Technical Abstract: The USDA Long Term Agroecosystem Research (LTAR) network exists to build knowledge required for “sustainable intensification of agriculture, increasing yields from the current agricultural land base while minimizing or reversing agriculture’s adverse environmental impacts.” Of the 18 current LTAR locations, two lie in the southeastern Coastal Plain, a recognized global biodiversity hotspot. Agricultural working lands in the region include croplands, pastures, and rangeland, interspersed with planted pines, natural forests, and wetlands. The provisioning and regulating ecosystem services provided by these working landscapes are bounded spatially by: abiotic drivers related to soil texture and chemistry, water availability, climatic and meteorological factors; biotic drivers related to organismal biology; land use practices including prescribed fire; economic and environmental policies; and cultural patterns. Following the money, yields and productivity are quantified at the field, farm, county and state levels. Following the flow, water is quantified in reaches, subwatersheds, watersheds and basins. Following the gas, carbon is quantified in soil cores, plant samples, flux towers, and broader marine and atmospheric sensors. And so on. Perturbations, changes, and threats that impact ecosystem services are, concomitantly, more heavily leveraged at particular scales. Research to identify shifts in agricultural practices from business-as-usual to aspirational scenarios, which most effectively accomplish LTAR goals, requires the cross-referencing of ecological systems and scales.

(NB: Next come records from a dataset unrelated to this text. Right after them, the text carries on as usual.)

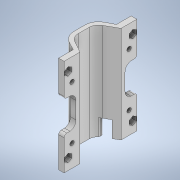
# Autodesk Inventor part: battery_2.2
Saved by Autodesk Inventor 2020 (Build 240168000, 168)
## iProperties
Created: 2022-07-16
Part Number: battery_2.2
Material: Типовые
Document SubType Name: Modeling
Designer: akapu
Density: 1 g/cm^3
Appearance: По умолчанию
Author: akapu
Autodesk Inventor part; units mm, degrees
ref_plane "YZ Plane" through (0, 0, 0) normal (1, 0, 0) x (0, 1, 0)
ref_plane "XZ Plane" through (0, 0, 0) normal (0, 1, 0) x (-1, 0, 0)
ref_plane "XY Plane" through (0, 0, 0) normal (0, 0, 1) x (1, 0, 0)
sketch "Эскиз1" plane through (0, 0, 0) normal (0, 1, 0) x (-1, 0, 0)
  line L0 (0, 0) -> (0, -8.65)
  line L1 (0, 0) -> (0, -53.5)
  line L2 (0, -53.5) -> (0, -44.85)
  line L3 (0, 0) -> (4, 0)
  line L4 (0, -53.5) -> (4.1927, -53.5)
  line L5 (0, -26.75) -> (0, -40.85)
  line L6 (0, -40.85) -> (0, -12.65)
  line L7 (0, -12.65) -> (0, -11.65)
  line L8 (0, -40.85) -> (0, -41.85)
  circle A0 centre (5.4, -22.75) radius 7
  circle A1 centre (5.4, -30.75) radius 7
  line L9 (12.4, -22.75) -> (12.4, -30.75)
  line L10 (0, -41.85) -> (8.8481, -36.8419)
  line L11 (0, -11.65) -> (8.8481, -16.6581)
  circle A2 centre (5.4, -22.75) radius 10
  circle A3 centre (5.4, -30.75) radius 10
  line L12 (15.4, -22.75) -> (15.4, -30.75)
  line L13 (0, -11.65) -> (0, -10.7122)
  line L14 (0, -11.65) -> (0, -8.65)
  line L15 (0, -41.85) -> (0, -44.85)
  line L16 (0, -8.65) -> (10.3258, -14.0473)
  line L17 (0, -44.85) -> (10.028, -39.6146)
  line L18 (4, 0) -> (4, -10.7408)
  line L19 (4.1927, -53.5) -> (4.1927, -42.6611)
  dimension "d0" = 8.65
  dimension "d1" = 53.5
  dimension "d3" = 4
  dimension "d18" = 14
  dimension "d20" = 20
  dimension "d21" = 20
  dimension "d22" = 3
  dimension "d23" = 3
  constraints: 38 end point, 8 point on circle, 7 vertical, 5 tangent, 4 centre point, 3 point on line, 2 coincident, 2 horizontal, 10 other
  measures "d0" distance of L0.start L0.end
  measures "d1" distance of L0.start L2.start
  measures "d3" distance of L0.start L3.end
  measures "d18" diameter of A0
  measures "d20" diameter of A2
  measures "d21" diameter of A3
  measures "d22" distance of L7.end L0.end
  measures "d23" distance of L8.end L2.end
extrude "Выдавливание1" add sketch "Эскиз1" along normal blind 71 contours L3 L18 L16 L0 | L16 A2 L11 L1 | L16 A2 A3 L9 A0 L11 | L12 A3 A2 | A3 L10 A1 L9 A2 | A2 L9 A3 | L17 L1 L10 A3 | L19 L4 L1 L17
sketch "Эскиз2" plane through (-4.1927, 0, -53.5) normal (-1, 0, 0) x (0, 0, 1)
  line L0 (0, 0) -> (0, 71) projected
  line L1 (0, 35.5) -> (0, 41.7)
  line L2 (0, 41.7) -> (0, 29.3)
  line L3 (53.5, 0) -> (53.5, 71) projected
  line L4 (0, 29.3) -> (53.5, 29.3)
  line L5 (53.5, 29.3) -> (53.5, 41.7)
  line L6 (53.5, 41.7) -> (0, 41.7)
  line L7 (0, 41.7) -> (0, 29.3)
  line L8 (0, 29.3) -> (8.75, 29.3)
  line L9 (8.75, 29.3) -> (8.75, 41.7)
  line L10 (53.5, 29.3) -> (44.75, 29.3)
  line L11 (44.75, 29.3) -> (44.75, 41.7)
  line L12 (0, 41.7) -> (0, 46.7)
  line L13 (0, 29.3) -> (0, 24.3)
  line L14 (0, 24.3) -> (53.5, 24.3)
  line L15 (53.5, 24.3) -> (53.5, 46.7)
  line L16 (53.5, 46.7) -> (0, 46.7)
  line L17 (0, 46.7) -> (0, 24.3)
  arc A0 (4.375, 24.3) -> (8.75, 29.3) centre (3.7502, 29.2608) ccw
  arc A1 (8.75, 41.7) -> (4.375, 46.7) centre (3.7502, 41.7392) ccw
  arc A2 (44.75, 29.3) -> (49.125, 24.3) centre (49.7498, 29.2608) ccw
  arc A3 (49.125, 46.7) -> (44.75, 41.7) centre (49.7498, 41.7392) ccw
  dimension "d26" = 6.2
  dimension "d27" = 12.4
  dimension "d28" = 8.75
  dimension "d29" = 8.75
  dimension "d30" = 5
  dimension "d31" = 5
  dimension "d33" = 5
  dimension "d34" = 5
  dimension "d35" = 5
  dimension "d36" = 5
  constraints: 32 end point, 14 point on line, 8 point on circle, 4 centre point, 4 parallel, 4 perpendicular, 2 horizontal, 1 midpoint
  measures "d26" distance of L1.start L1.end
  measures "d27" distance of L1.end L2.end
  measures "d28" distance of L2.end L8.end
  measures "d29" distance of L4.end L10.end
  measures "d30" distance of L6.end L12.end
  measures "d31" distance of L2.end L13.end
  measures "d33" radius of A0
  measures "d34" radius of A1
  measures "d35" radius of A2
  measures "d36" radius of A3
extrude "Выдавливание2" cut sketch "Эскиз2" against normal blind 10 contours L0 L4 A0 L14 | L0 L6 L9 L4 | A2 L4 L3 L14 | L0 L16 A1 L6 | L11 L6 L3 L4 | A3 L16 L3 L6
fillet "Сопряжение1" radius 2 4 edges at (-2.0964, 46.7, -53.5) (-2.0964, 24.3, -53.5) (-2, 24.3, 0) (-2, 46.7, 0)
sketch "Эскиз3" plane through (-4.1927, 0, -53.5) normal (-1, 0, 0) x (0, 0, 1)
  line L0 (0, 71) -> (10.8389, 71) projected
  line L1 (0, 71) -> (3, 71)
  line L2 (3, 71) -> (3, 63)
  line L3 (3, 63) -> (0, 63)
  line L4 (0, 63) -> (0, 71)
  line L5 (53.5, 0) -> (53.5, 22.3) projected
  line L6 (53.5, 0) -> (50.5, 0)
  line L7 (50.5, 0) -> (50.5, 8)
  line L8 (50.5, 8) -> (53.5, 8)
  line L9 (53.5, 8) -> (53.5, 0)
  line L10 (50.5, 8) -> (3, 8)
  line L11 (3, 8) -> (3, 63)
  line L12 (3, 63) -> (50.5, 63)
  line L13 (50.5, 63) -> (50.5, 8)
  line L14 (3, 63) -> (5.8, 63)
  line L15 (5.8, 63) -> (5.8, 55)
  line L16 (5.8, 55) -> (3, 55)
  line L17 (3, 55) -> (3, 63)
  line L18 (50.5, 8) -> (47.7, 8)
  line L19 (47.7, 8) -> (47.7, 16)
  line L20 (47.7, 16) -> (50.5, 16)
  line L21 (50.5, 16) -> (50.5, 8)
  line L22 (5.8, 55) -> (47.7, 55)
  line L23 (47.7, 55) -> (47.7, 16)
  line L24 (47.7, 16) -> (5.8, 16)
  line L25 (5.8, 16) -> (5.8, 55)
  line L26 (5.8, 55) -> (8.4, 55)
  line L27 (47.7, 16) -> (45.1, 16)
  line L28 (8.4, 55) -> (45.1, 55)
  line L29 (45.1, 55) -> (45.1, 16)
  line L30 (45.1, 16) -> (8.4, 16)
  line L31 (8.4, 16) -> (8.4, 55)
  line L32 (8.4, 53.4989) -> (5.8, 51.9978)
  line L33 (5.8, 51.9978) -> (3.2, 53.4989)
  line L34 (3.2, 53.4989) -> (3.2, 56.5011)
  line L35 (3.2, 56.5011) -> (5.8, 58.0022)
  line L36 (5.8, 58.0022) -> (8.4, 56.5011)
  line L37 (8.4, 56.5011) -> (8.4, 53.4989)
  line L38 (45.1, 17.5011) -> (47.7, 19.0022)
  line L39 (47.7, 19.0022) -> (50.3, 17.5011)
  line L40 (50.3, 17.5011) -> (50.3, 14.4989)
  line L41 (50.3, 14.4989) -> (47.7, 12.9978)
  line L42 (47.7, 12.9978) -> (45.1, 14.4989)
  line L43 (45.1, 14.4989) -> (45.1, 17.5011)
  line L44 (45.1, 56.5011) -> (47.7, 58.0022)
  line L45 (47.7, 58.0022) -> (50.3, 56.5011)
  line L46 (50.3, 56.5011) -> (50.3, 53.4989)
  line L47 (50.3, 53.4989) -> (47.7, 51.9978)
  line L48 (47.7, 51.9978) -> (45.1, 53.4989)
  line L49 (45.1, 53.4989) -> (45.1, 56.5011)
  line L50 (8.4, 14.4989) -> (5.8, 12.9978)
  line L51 (5.8, 12.9978) -> (3.2, 14.4989)
  line L52 (3.2, 14.4989) -> (3.2, 17.5011)
  line L53 (3.2, 17.5011) -> (5.8, 19.0022)
  line L54 (5.8, 19.0022) -> (8.4, 17.5011)
  line L55 (8.4, 17.5011) -> (8.4, 14.4989)
  point P0 (42.7592, 55)
  point P1 (6.3584, 16)
  point P2 (8.4, 53.4989)
  point P3 (8.4, 17.5011)
  dimension "d40" = 3
  dimension "d41" = 8
  dimension "d42" = 3
  dimension "d43" = 8
  dimension "d44" = 2.8
  dimension "d45" = 8
  dimension "d46" = 2.8
  dimension "d47" = 8
  dimension "d48" = 2.6
  dimension "d49" = 2.6
  dimension "d61" = 41.9
  dimension "d62" = 39
  constraints: 108 end point, 14 parallel, 7 horizontal, 7 perpendicular, 5 coincident, 4 midpoint, 3 point on line, 52 other
  measures "d40" distance of L2.end L3.end
  measures "d41" distance of L1.end L2.end
  measures "d42" distance of L7.end L8.end
  measures "d43" distance of L6.end L7.end
  measures "d44" distance of L15.end L16.end
  measures "d45" distance of L14.end L15.end
  measures "d46" distance of L19.end L20.end
  measures "d47" distance of L18.end L19.end
  measures "d48" distance of L15.end L26.end
  measures "d49" distance of L19.end L27.end
  measures "d61" distance of L15.end L22.end
  measures "d62" distance of L22.end L19.end
extrude "Выдавливание3" cut sketch "Эскиз3" against normal blind 2 contours L34 L35 L15 L16 | L16 L25 L33 L34 | L36 L37 L22 L15 | L22 L31 L32 L25 | L42 L43 L24 L19 | L19 L20 L40 L41 | L20 L23 L39 L40 | L24 L29 L38 L23 | L49 L44 L45 L46 L47 L23 L22 | L22 L23 L48 L29 | L54 L31 L24 L25 | L25 L24 L55 L50 L51 L52 L53
sketch "Эскиз4" plane through (-2.1927, 0, -53.5) normal (-1, 0, 0) x (0, 0, 1)
  line L0 (5.8, 55) -> (47.7, 55)
  line L1 (47.7, 55) -> (47.7, 16)
  line L2 (47.7, 16) -> (5.8, 16)
  line L3 (5.8, 16) -> (5.8, 55)
  circle A0 centre (5.8, 55) radius 1.6
  circle A1 centre (47.7, 55) radius 1.6
  circle A2 centre (47.7, 16) radius 1.6
  circle A3 centre (5.8, 16) radius 1.6
  dimension "d55" = 3.2
  dimension "d56" = 3.2
  dimension "d57" = 3.2
  dimension "d58" = 3.2
  constraints: 8 end point, 4 centre point, 3 coincident, 2 parallel, 1 horizontal, 1 perpendicular, 1 point on line
  measures "d55" diameter of A0
  measures "d56" diameter of A1
  measures "d57" diameter of A2
  measures "d58" diameter of A3
extrude "Выдавливание4" cut sketch "Эскиз4" against normal blind 3 contours L3 A0 L0 | L0 A0 L3 | A1 L1 L0 | L0 L1 A1 | A3 L2 L3 | L3 L2 A3 | A2 L2 L1 | L1 L2 A2
sketch "Эскиз5" plane through (0, 0, -53.5) normal (0, 0, -1) x (-1, 0, 0)
  line L0 (10.028, 0) -> (10.028, 71) projected
  line L1 (0, 0) -> (4.1927, 0) projected
  line L2 (4.1927, 0) -> (10.028, 0)
  line L3 (10.028, 0) -> (10.028, 12)
  line L4 (10.028, 12) -> (4.1927, 12)
  line L5 (4.1927, 12) -> (4.1927, 0)
  dimension "d68" = 12
  constraints: 8 end point, 2 parallel, 1 horizontal, 1 perpendicular, 1 point on line
  measures "d68" distance of L3.end L2.end
extrude "Выдавливание5" cut sketch "Эскиз5" against normal blind 30
fillet "Сопряжение2" radius 1 1 edges at (-10.028, 6, -39.6146)
fillet "Сопряжение3" radius 2 1 edges at (-10.028, 6, -36.0018)
sketch "Эскиз6" plane through (0, 0, -41.85) normal (1, 0, 0) x (0, 0, -1)
  line L0 (11.65, 0) -> (11.65, 22.3) projected
  line L1 (11.65, 0) -> (8.65, 0)
  line L2 (8.65, 0) -> (8.65, 8)
  line L3 (8.65, 8) -> (11.65, 8)
  line L4 (11.65, 8) -> (11.65, 0)
  line L5 (-41.85, 71.0642) -> (-38.85, 71.0642)
  line L6 (-38.85, 71.0642) -> (-38.85, 63.0642)
  line L7 (-38.85, 63.0642) -> (-41.85, 63.0642)
  line L8 (-41.85, 63.0642) -> (-41.85, 71.0642)
  line L9 (8.65, 8) -> (-38.85, 8)
  line L10 (-38.85, 8) -> (-38.85, 63.0642)
  line L11 (-38.85, 63.0642) -> (8.65, 63.0642)
  line L12 (8.65, 63.0642) -> (8.65, 8)
  circle A0 centre (8.65, 8) radius 1.6
  circle A1 centre (-38.85, 8) radius 1.6
  circle A2 centre (-38.85, 63.0642) radius 1.6
  circle A3 centre (8.65, 63.0642) radius 1.6
  point P0 (-41.85, 0)
  dimension "d71" = 3
  dimension "d72" = 8
  dimension "d73" = 3
  dimension "d74" = 8
  dimension "d75" = 3.2
  dimension "d76" = 3.2
  dimension "d77" = 3.2
  dimension "d78" = 3.2
  constraints: 24 end point, 6 parallel, 4 centre point, 4 coincident, 3 horizontal, 3 perpendicular
  measures "d71" distance of L2.end L3.end
  measures "d72" distance of L1.end L2.end
  measures "d73" distance of L6.end L7.end
  measures "d74" distance of L5.end L6.end
  measures "d75" diameter of A0
  measures "d76" diameter of A1
  measures "d77" diameter of A2
  measures "d78" diameter of A3
extrude "Выдавливание6" cut sketch "Эскиз6" against normal blind 30 contours A0 L2 L3 | L3 L12 A0 | A0 L9 L2 | L9 A0 L12 | A3 L11 L12 | L12 L11 A3 | A1 L10 L9 | L9 L10 A1 | A2 L10 L11 | L11 L6 A2 | A2 L7 L10 | L7 A2 L6
sketch "Эскиз7" plane through (0, 0, -41.85) normal (1, 0, 0) x (0, 0, -1)
  circle A0 centre (8.65, 8) radius 1.6 projected
  circle A1 centre (-38.85, 63.0642) radius 1.6 projected
  line L0 (8.65, 8) -> (-38.85, 8)
  line L1 (-38.85, 8) -> (-38.85, 63.0642)
  line L2 (-38.85, 63.0642) -> (8.65, 63.0642)
  line L3 (8.65, 63.0642) -> (8.65, 8)
  line L4 (8.65, 8) -> (6.05, 8)
  line L5 (-38.85, 63.0642) -> (-36.25, 63.0642)
  line L6 (6.05, 8) -> (-36.25, 8)
  line L7 (-36.25, 8) -> (-36.25, 63.0642)
  line L8 (-36.25, 63.0642) -> (6.05, 63.0642)
  line L9 (6.05, 63.0642) -> (6.05, 8)
  line L10 (6.05, 9.5011) -> (8.65, 11.0022)
  line L11 (8.65, 11.0022) -> (11.25, 9.5011)
  line L12 (11.25, 9.5011) -> (11.25, 6.4989)
  line L13 (11.25, 6.4989) -> (8.65, 4.9978)
  line L14 (8.65, 4.9978) -> (6.05, 6.4989)
  line L15 (6.05, 6.4989) -> (6.05, 9.5011)
  line L16 (-36.25, 6.4989) -> (-38.85, 4.9978)
  line L17 (-38.85, 4.9978) -> (-41.45, 6.4989)
  line L18 (-41.45, 6.4989) -> (-41.45, 9.5011)
  line L19 (-41.45, 9.5011) -> (-38.85, 11.0022)
  line L20 (-38.85, 11.0022) -> (-36.25, 9.5011)
  line L21 (-36.25, 9.5011) -> (-36.25, 6.4989)
  line L22 (-36.25, 61.5631) -> (-38.85, 60.062)
  line L23 (-38.85, 60.062) -> (-41.45, 61.5631)
  line L24 (-41.45, 61.5631) -> (-41.45, 64.5653)
  line L25 (-41.45, 64.5653) -> (-38.85, 66.0664)
  line L26 (-38.85, 66.0664) -> (-36.25, 64.5653)
  line L27 (-36.25, 64.5653) -> (-36.25, 61.5631)
  circle A2 centre (8.65, 63.0642) radius 1.6 projected
  line L28 (6.05, 64.5653) -> (8.65, 66.0664)
  line L29 (8.65, 66.0664) -> (11.25, 64.5653)
  line L30 (11.25, 64.5653) -> (11.25, 61.5631)
  line L31 (11.25, 61.5631) -> (8.65, 60.062)
  line L32 (8.65, 60.062) -> (6.05, 61.5631)
  line L33 (6.05, 61.5631) -> (6.05, 64.5653)
  point P0 (-41.85, 0)
  point P1 (6.05, 61.5631)
  point P2 (6.05, 9.5011)
  dimension "d81" = 2.6
  dimension "d82" = 2.6
  constraints: 68 end point, 4 coincident, 4 midpoint, 4 parallel, 2 horizontal, 2 perpendicular, 2 point on line, 52 other
  measures "d81" distance of L0.start L4.end
  measures "d82" distance of L1.end L5.end
extrude "Выдавливание7" cut sketch "Эскиз7" against normal blind 3 contours A0 L0 L3 | A0 L3 L11 L12 L13 L14 L15 L0 | L3 L0 A0 | A0 L0 L9 L10 L3 | L32 L9 L2 A2 L3 | L3 A2 L2 L33 L28 L29 L30 L31 | L21 L16 L17 L18 L19 L1 L0 | L0 L1 L20 L7 | A2 L2 L3 | L3 L2 A2 | L22 L1 A1 L2 L7 | L2 A1 L1 L23 L24 L25 L26 L27 | L2 L1 A1 | A1 L1 L2

Practices and policies may have profound effects on ecosystem services at certain scales, while having little or no effect at other scales. LTAR research planning needs to address services at various scales that may not overlap nor always match the data collection unit. We will use the southeastern US to illustrate considerations for the spatial and temporal dynamics, and confluence of ecosystem services in these agro-ecosystems. LTAR research and analyses must be appropriately scaled to the services and their bounding drivers, examining synergies and tradeoffs at multiple scales.